Troisièmement, et cela constitue un choix fondamental, l’ANDRA demande que, à la fin de la Phipil dont la date serait décidée par elle-même, les déchets HA soient récupérés en surface mais, par contre, les déchets MA-VL seraient maintenus au fond en tant que début du stockage.
En outre, l’ANDRA demande que la construction des installations souterraines et le chargement des colis MA-VL soient poursuivis sans attendre la décision du Parlement de poursuivre ou non le déroulement du projet, à la suite de l’instruction des enseignements de la Phipil.

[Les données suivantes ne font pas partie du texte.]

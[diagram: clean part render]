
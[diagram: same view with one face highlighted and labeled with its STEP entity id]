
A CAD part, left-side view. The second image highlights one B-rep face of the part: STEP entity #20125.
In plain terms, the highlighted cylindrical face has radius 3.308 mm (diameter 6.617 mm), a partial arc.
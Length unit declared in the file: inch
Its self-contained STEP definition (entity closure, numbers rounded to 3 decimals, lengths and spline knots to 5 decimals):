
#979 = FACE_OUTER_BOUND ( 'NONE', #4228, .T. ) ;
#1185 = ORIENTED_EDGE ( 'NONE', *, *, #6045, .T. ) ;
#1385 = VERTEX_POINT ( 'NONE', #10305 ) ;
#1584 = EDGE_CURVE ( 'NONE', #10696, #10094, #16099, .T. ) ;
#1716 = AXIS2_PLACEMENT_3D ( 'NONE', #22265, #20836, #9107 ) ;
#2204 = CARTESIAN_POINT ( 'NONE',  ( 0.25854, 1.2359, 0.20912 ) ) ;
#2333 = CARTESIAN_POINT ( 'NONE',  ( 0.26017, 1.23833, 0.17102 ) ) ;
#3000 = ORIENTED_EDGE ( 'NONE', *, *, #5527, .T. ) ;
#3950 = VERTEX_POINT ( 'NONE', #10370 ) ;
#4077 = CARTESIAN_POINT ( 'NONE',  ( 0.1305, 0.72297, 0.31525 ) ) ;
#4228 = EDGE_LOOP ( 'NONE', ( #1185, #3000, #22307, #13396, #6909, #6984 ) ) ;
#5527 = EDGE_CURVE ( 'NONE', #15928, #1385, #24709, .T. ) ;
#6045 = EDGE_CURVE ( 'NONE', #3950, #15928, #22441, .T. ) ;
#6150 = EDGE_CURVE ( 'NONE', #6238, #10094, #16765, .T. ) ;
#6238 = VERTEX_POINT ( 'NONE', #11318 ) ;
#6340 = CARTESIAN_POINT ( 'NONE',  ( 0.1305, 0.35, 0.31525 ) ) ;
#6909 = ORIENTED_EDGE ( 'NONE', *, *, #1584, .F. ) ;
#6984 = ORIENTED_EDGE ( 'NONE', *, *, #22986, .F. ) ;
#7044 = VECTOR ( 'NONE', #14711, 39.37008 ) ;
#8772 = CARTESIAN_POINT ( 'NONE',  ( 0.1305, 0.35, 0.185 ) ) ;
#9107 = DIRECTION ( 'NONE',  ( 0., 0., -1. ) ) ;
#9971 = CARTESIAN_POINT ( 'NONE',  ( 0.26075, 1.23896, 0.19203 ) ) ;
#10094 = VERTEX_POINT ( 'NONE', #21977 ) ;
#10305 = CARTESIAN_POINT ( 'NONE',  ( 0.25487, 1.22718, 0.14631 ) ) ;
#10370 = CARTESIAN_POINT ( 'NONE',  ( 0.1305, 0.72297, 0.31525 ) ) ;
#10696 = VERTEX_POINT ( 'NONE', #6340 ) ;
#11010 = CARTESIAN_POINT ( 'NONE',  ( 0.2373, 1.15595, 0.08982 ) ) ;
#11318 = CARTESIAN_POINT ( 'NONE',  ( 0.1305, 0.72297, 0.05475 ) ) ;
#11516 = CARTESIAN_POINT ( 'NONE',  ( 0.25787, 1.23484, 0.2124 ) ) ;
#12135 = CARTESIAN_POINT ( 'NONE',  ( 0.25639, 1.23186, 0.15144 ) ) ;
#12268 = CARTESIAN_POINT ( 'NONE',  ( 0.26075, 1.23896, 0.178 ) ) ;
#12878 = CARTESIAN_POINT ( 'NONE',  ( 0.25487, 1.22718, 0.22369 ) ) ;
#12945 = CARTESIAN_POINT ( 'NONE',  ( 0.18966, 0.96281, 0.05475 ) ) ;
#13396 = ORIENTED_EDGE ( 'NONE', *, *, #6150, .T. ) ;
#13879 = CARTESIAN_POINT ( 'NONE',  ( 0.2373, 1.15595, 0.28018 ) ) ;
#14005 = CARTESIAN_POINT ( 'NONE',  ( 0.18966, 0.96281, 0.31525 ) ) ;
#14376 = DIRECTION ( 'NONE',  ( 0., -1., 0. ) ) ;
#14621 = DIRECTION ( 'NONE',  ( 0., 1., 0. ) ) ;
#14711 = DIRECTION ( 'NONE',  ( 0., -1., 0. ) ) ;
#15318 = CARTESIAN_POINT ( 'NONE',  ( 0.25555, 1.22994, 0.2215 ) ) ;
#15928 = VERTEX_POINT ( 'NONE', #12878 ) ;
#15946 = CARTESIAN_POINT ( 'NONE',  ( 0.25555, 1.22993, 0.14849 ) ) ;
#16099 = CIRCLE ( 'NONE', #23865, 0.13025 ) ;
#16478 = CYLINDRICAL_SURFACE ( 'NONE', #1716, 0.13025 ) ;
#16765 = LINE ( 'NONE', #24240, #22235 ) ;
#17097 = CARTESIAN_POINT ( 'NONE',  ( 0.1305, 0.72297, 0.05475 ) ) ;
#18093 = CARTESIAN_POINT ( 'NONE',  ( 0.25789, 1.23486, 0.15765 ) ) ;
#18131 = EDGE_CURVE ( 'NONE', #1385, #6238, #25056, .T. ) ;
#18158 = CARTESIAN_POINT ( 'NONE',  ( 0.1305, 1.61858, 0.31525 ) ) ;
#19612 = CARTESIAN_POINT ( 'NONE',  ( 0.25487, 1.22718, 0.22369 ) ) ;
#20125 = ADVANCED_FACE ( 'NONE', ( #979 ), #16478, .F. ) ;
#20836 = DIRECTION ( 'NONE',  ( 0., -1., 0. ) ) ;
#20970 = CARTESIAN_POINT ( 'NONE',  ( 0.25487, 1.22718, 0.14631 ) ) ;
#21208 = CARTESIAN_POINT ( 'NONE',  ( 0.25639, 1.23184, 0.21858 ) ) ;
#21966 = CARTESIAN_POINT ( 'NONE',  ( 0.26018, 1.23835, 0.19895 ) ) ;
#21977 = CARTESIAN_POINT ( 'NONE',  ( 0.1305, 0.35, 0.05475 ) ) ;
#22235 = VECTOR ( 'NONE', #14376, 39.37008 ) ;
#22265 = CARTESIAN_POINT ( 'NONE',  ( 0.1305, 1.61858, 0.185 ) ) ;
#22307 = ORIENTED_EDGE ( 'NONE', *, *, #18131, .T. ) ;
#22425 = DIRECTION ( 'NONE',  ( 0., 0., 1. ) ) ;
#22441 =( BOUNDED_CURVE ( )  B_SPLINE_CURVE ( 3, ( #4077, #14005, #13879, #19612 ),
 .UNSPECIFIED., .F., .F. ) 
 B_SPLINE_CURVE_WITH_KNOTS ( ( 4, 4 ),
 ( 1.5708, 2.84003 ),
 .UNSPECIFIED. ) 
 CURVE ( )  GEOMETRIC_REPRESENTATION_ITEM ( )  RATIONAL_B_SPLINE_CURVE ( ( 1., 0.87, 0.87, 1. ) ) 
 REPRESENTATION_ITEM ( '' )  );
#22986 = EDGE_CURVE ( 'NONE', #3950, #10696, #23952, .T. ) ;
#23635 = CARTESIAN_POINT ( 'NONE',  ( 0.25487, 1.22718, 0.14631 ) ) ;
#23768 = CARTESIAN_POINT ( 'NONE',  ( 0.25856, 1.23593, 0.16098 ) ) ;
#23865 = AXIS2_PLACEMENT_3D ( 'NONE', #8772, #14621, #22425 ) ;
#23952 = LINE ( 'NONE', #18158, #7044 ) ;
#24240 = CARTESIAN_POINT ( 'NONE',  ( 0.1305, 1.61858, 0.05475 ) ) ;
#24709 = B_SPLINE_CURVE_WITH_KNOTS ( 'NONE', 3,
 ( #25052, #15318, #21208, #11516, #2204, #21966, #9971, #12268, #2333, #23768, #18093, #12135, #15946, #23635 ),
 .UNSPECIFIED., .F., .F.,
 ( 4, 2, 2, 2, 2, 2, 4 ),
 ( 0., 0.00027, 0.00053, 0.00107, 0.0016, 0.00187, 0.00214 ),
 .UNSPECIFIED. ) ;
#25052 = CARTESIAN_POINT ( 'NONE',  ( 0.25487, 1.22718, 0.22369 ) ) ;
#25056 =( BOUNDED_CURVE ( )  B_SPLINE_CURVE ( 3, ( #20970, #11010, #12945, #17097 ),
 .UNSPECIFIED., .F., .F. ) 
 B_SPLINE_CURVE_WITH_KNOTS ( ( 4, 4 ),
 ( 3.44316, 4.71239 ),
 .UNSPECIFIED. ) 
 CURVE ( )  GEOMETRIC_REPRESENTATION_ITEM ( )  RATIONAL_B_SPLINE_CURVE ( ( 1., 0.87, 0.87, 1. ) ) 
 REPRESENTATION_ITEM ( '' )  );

Cette décision pourrait en effet conduire soit à l’arrêt du projet, soit à l’acceptation du projet sans modifications, soit à sa poursuite moyennant des modifications de conception ou de réalisation à la suite de l’instruction par l’Autorité de sûreté (ASN) et de la remise de son rapport au Parlement.

Ce troisième point est crucial : la logique industrielle comme la sûreté des installations et la protection des travailleurs et des populations imposent au contraire que la construction et l’exploitation du site soient interrompues à la fin de la Phipil et jusqu’à la décision du Parlement.

Cette question doit être impérativement tranchée pendant l’instruction de la DAC.